Assignment:
Return, exactly and in full, the lines of the records below starting at the one with "# Drawn here: x" and ending at the one with "layer by layer", and no other lines.

Source information Block Start

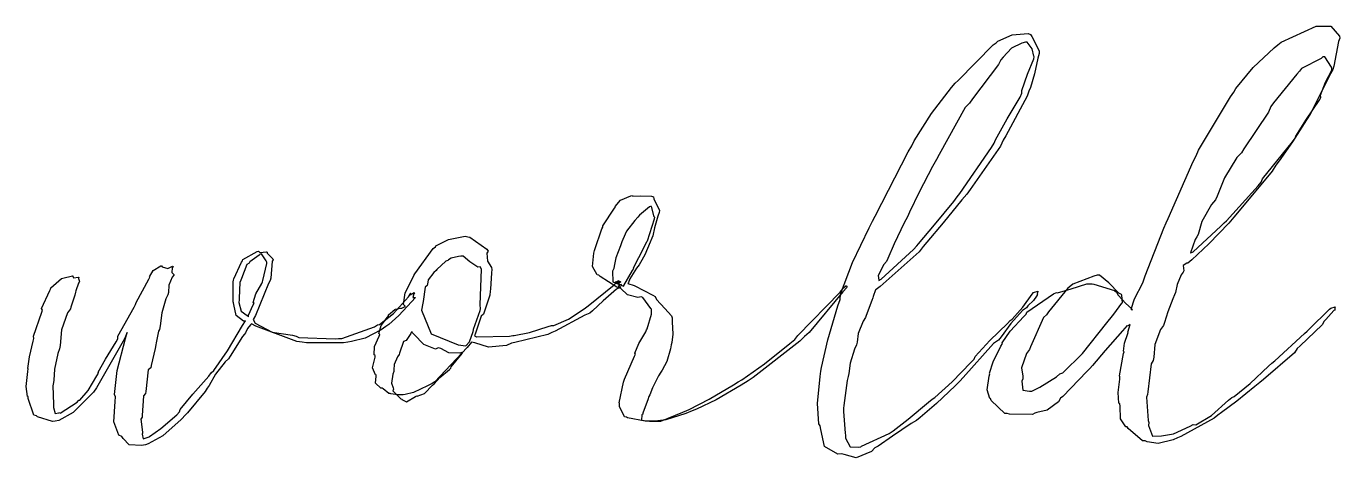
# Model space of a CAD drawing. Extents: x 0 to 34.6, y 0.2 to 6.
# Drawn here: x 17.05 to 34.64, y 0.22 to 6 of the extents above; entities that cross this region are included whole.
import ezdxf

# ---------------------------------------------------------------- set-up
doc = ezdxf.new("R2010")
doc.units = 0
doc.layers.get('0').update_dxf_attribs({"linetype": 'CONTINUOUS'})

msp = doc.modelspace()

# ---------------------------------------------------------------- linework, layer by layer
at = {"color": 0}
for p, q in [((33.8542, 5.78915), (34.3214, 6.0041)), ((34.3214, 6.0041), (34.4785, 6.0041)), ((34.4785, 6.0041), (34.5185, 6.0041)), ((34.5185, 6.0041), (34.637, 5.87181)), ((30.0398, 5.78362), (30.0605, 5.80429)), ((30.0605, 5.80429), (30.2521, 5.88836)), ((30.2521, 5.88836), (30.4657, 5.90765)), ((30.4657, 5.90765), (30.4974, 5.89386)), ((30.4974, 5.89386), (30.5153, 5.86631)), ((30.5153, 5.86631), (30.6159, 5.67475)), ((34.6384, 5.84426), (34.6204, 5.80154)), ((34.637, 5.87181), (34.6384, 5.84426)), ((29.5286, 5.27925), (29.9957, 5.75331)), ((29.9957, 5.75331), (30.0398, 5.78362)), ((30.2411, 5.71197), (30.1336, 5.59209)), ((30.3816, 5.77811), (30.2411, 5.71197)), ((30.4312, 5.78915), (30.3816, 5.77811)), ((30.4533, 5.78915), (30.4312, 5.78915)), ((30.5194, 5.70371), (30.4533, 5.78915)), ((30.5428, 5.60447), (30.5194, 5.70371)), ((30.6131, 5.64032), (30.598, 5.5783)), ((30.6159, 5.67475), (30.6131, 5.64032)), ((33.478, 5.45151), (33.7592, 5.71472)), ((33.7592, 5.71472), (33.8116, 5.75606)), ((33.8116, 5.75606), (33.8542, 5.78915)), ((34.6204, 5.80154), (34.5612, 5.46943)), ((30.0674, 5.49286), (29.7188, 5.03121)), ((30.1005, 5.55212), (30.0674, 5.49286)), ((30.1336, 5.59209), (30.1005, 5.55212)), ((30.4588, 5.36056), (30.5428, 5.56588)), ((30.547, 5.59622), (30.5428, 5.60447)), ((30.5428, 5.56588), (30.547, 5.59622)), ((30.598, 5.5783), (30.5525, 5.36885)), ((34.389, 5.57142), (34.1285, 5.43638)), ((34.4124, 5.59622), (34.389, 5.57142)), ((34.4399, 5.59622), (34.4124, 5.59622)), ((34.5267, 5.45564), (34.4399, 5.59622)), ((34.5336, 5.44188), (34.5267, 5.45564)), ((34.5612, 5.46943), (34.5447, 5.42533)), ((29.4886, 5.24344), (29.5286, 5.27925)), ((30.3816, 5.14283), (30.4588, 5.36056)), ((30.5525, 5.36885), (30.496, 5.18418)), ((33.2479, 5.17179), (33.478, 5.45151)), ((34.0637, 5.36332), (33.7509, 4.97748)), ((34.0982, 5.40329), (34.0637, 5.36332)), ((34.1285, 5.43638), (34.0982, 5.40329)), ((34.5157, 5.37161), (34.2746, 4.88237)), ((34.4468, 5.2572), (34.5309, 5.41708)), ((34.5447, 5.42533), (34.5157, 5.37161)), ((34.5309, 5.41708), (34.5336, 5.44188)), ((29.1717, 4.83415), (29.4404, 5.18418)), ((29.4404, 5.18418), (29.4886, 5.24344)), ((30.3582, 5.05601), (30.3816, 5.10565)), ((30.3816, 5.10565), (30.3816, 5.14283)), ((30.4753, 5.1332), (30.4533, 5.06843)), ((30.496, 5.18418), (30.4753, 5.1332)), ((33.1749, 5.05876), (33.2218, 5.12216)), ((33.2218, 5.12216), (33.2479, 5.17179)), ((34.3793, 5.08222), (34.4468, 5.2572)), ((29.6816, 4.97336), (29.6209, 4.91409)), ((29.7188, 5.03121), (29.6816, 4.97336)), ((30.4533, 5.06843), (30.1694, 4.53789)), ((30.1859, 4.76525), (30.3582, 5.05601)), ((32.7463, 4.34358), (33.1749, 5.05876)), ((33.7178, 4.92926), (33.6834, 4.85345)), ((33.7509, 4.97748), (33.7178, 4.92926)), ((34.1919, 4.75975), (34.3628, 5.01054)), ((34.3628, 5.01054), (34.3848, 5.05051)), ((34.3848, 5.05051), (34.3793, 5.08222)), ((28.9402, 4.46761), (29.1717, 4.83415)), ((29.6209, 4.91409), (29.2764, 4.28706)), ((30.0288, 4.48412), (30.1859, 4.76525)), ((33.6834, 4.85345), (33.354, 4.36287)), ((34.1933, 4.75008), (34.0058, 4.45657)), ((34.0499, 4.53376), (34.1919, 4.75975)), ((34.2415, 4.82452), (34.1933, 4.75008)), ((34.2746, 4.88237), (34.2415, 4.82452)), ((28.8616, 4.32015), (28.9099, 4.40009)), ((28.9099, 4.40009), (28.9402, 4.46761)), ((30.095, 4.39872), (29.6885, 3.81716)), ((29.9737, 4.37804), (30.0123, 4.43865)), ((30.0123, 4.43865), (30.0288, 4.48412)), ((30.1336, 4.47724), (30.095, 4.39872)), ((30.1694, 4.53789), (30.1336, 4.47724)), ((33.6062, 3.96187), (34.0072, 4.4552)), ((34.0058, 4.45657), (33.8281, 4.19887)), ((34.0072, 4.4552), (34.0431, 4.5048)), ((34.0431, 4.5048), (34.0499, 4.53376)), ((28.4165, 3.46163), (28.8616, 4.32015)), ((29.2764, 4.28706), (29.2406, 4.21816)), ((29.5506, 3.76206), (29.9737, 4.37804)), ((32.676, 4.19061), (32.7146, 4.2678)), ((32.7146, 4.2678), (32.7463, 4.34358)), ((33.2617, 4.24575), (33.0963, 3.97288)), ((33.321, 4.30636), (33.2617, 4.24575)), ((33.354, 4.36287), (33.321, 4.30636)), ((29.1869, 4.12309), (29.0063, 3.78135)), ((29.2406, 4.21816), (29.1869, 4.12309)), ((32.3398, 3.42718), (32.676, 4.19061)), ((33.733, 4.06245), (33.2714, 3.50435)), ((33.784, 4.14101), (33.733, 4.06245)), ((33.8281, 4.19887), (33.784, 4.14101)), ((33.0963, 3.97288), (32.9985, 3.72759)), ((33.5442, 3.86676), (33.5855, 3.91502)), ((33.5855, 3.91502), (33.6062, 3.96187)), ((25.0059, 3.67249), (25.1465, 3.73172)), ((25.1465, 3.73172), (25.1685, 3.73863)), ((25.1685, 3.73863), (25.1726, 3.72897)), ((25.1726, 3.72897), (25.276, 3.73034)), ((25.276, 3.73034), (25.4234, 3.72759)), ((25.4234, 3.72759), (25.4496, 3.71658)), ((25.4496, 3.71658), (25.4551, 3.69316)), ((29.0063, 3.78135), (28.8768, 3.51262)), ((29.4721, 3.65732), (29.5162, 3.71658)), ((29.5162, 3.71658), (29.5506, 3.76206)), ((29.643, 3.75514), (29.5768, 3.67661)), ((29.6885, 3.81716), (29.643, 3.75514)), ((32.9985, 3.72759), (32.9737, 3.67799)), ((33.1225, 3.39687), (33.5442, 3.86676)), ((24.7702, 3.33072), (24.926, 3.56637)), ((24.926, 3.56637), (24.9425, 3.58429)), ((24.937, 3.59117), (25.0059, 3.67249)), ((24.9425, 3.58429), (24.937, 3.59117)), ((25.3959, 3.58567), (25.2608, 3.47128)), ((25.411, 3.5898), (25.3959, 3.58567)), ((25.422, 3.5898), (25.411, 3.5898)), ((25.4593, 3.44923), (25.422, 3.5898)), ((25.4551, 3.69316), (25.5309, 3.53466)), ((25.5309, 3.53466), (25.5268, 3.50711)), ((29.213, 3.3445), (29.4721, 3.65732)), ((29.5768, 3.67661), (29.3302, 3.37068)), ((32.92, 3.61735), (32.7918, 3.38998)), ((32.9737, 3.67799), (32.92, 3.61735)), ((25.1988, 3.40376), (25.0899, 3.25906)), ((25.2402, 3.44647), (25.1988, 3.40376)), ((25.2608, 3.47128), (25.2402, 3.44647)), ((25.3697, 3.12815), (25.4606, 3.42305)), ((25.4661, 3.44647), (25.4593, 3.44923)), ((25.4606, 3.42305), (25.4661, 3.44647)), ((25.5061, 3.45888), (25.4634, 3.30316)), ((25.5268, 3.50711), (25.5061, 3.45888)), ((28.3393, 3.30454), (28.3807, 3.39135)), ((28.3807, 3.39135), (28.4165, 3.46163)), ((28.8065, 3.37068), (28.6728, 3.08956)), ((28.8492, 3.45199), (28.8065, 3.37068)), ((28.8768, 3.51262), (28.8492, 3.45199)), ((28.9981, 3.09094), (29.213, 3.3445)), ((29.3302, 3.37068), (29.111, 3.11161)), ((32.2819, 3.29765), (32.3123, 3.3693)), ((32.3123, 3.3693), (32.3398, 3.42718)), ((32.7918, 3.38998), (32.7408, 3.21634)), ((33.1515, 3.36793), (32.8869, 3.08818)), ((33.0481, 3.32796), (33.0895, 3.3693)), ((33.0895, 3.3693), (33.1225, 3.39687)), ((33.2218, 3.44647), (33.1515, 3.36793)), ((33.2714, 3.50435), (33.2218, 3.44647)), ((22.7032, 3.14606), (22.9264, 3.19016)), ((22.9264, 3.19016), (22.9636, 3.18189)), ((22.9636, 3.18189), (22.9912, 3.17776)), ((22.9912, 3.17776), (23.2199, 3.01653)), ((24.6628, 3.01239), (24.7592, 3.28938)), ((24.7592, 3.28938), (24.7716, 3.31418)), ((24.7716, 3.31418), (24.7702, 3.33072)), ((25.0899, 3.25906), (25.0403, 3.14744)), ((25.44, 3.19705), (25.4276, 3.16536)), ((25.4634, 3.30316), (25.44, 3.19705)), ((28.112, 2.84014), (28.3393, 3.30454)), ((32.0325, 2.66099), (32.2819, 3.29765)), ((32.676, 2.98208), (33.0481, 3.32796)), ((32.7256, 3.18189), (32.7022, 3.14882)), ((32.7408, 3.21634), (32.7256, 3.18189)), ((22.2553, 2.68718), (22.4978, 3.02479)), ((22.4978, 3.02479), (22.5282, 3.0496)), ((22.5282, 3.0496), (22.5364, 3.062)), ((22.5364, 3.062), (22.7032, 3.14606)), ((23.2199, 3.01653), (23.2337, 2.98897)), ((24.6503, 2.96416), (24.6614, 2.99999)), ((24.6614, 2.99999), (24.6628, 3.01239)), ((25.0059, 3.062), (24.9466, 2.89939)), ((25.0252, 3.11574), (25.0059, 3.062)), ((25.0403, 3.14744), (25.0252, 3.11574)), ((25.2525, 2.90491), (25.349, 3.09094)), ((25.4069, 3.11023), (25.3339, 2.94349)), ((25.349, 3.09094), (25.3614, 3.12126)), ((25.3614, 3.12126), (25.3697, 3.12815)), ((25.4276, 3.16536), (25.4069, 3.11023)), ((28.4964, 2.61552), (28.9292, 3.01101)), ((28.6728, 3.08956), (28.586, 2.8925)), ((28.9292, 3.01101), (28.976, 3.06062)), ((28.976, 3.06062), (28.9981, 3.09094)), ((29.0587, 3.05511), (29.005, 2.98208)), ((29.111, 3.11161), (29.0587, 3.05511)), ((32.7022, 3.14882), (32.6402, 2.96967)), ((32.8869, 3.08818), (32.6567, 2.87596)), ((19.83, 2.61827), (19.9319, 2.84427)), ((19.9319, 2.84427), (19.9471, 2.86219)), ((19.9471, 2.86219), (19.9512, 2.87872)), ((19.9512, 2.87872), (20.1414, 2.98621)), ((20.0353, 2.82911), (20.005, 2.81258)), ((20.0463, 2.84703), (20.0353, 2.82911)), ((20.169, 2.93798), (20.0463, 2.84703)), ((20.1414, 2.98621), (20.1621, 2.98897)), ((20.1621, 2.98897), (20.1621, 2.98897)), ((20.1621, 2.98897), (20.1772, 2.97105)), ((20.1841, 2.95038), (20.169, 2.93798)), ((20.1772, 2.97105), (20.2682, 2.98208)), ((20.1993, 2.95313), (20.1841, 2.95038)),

Source information Block End

Written solution:
# Drawn here: x 17.05 to 34.64, y 0.22 to 6 of the extents above; entities that cross this region are included whole.
import ezdxf

# ---------------------------------------------------------------- set-up
doc = ezdxf.new("R2010")
doc.units = 0
doc.layers.get('0').update_dxf_attribs({"linetype": 'CONTINUOUS'})

msp = doc.modelspace()

# ---------------------------------------------------------------- linework, layer by layer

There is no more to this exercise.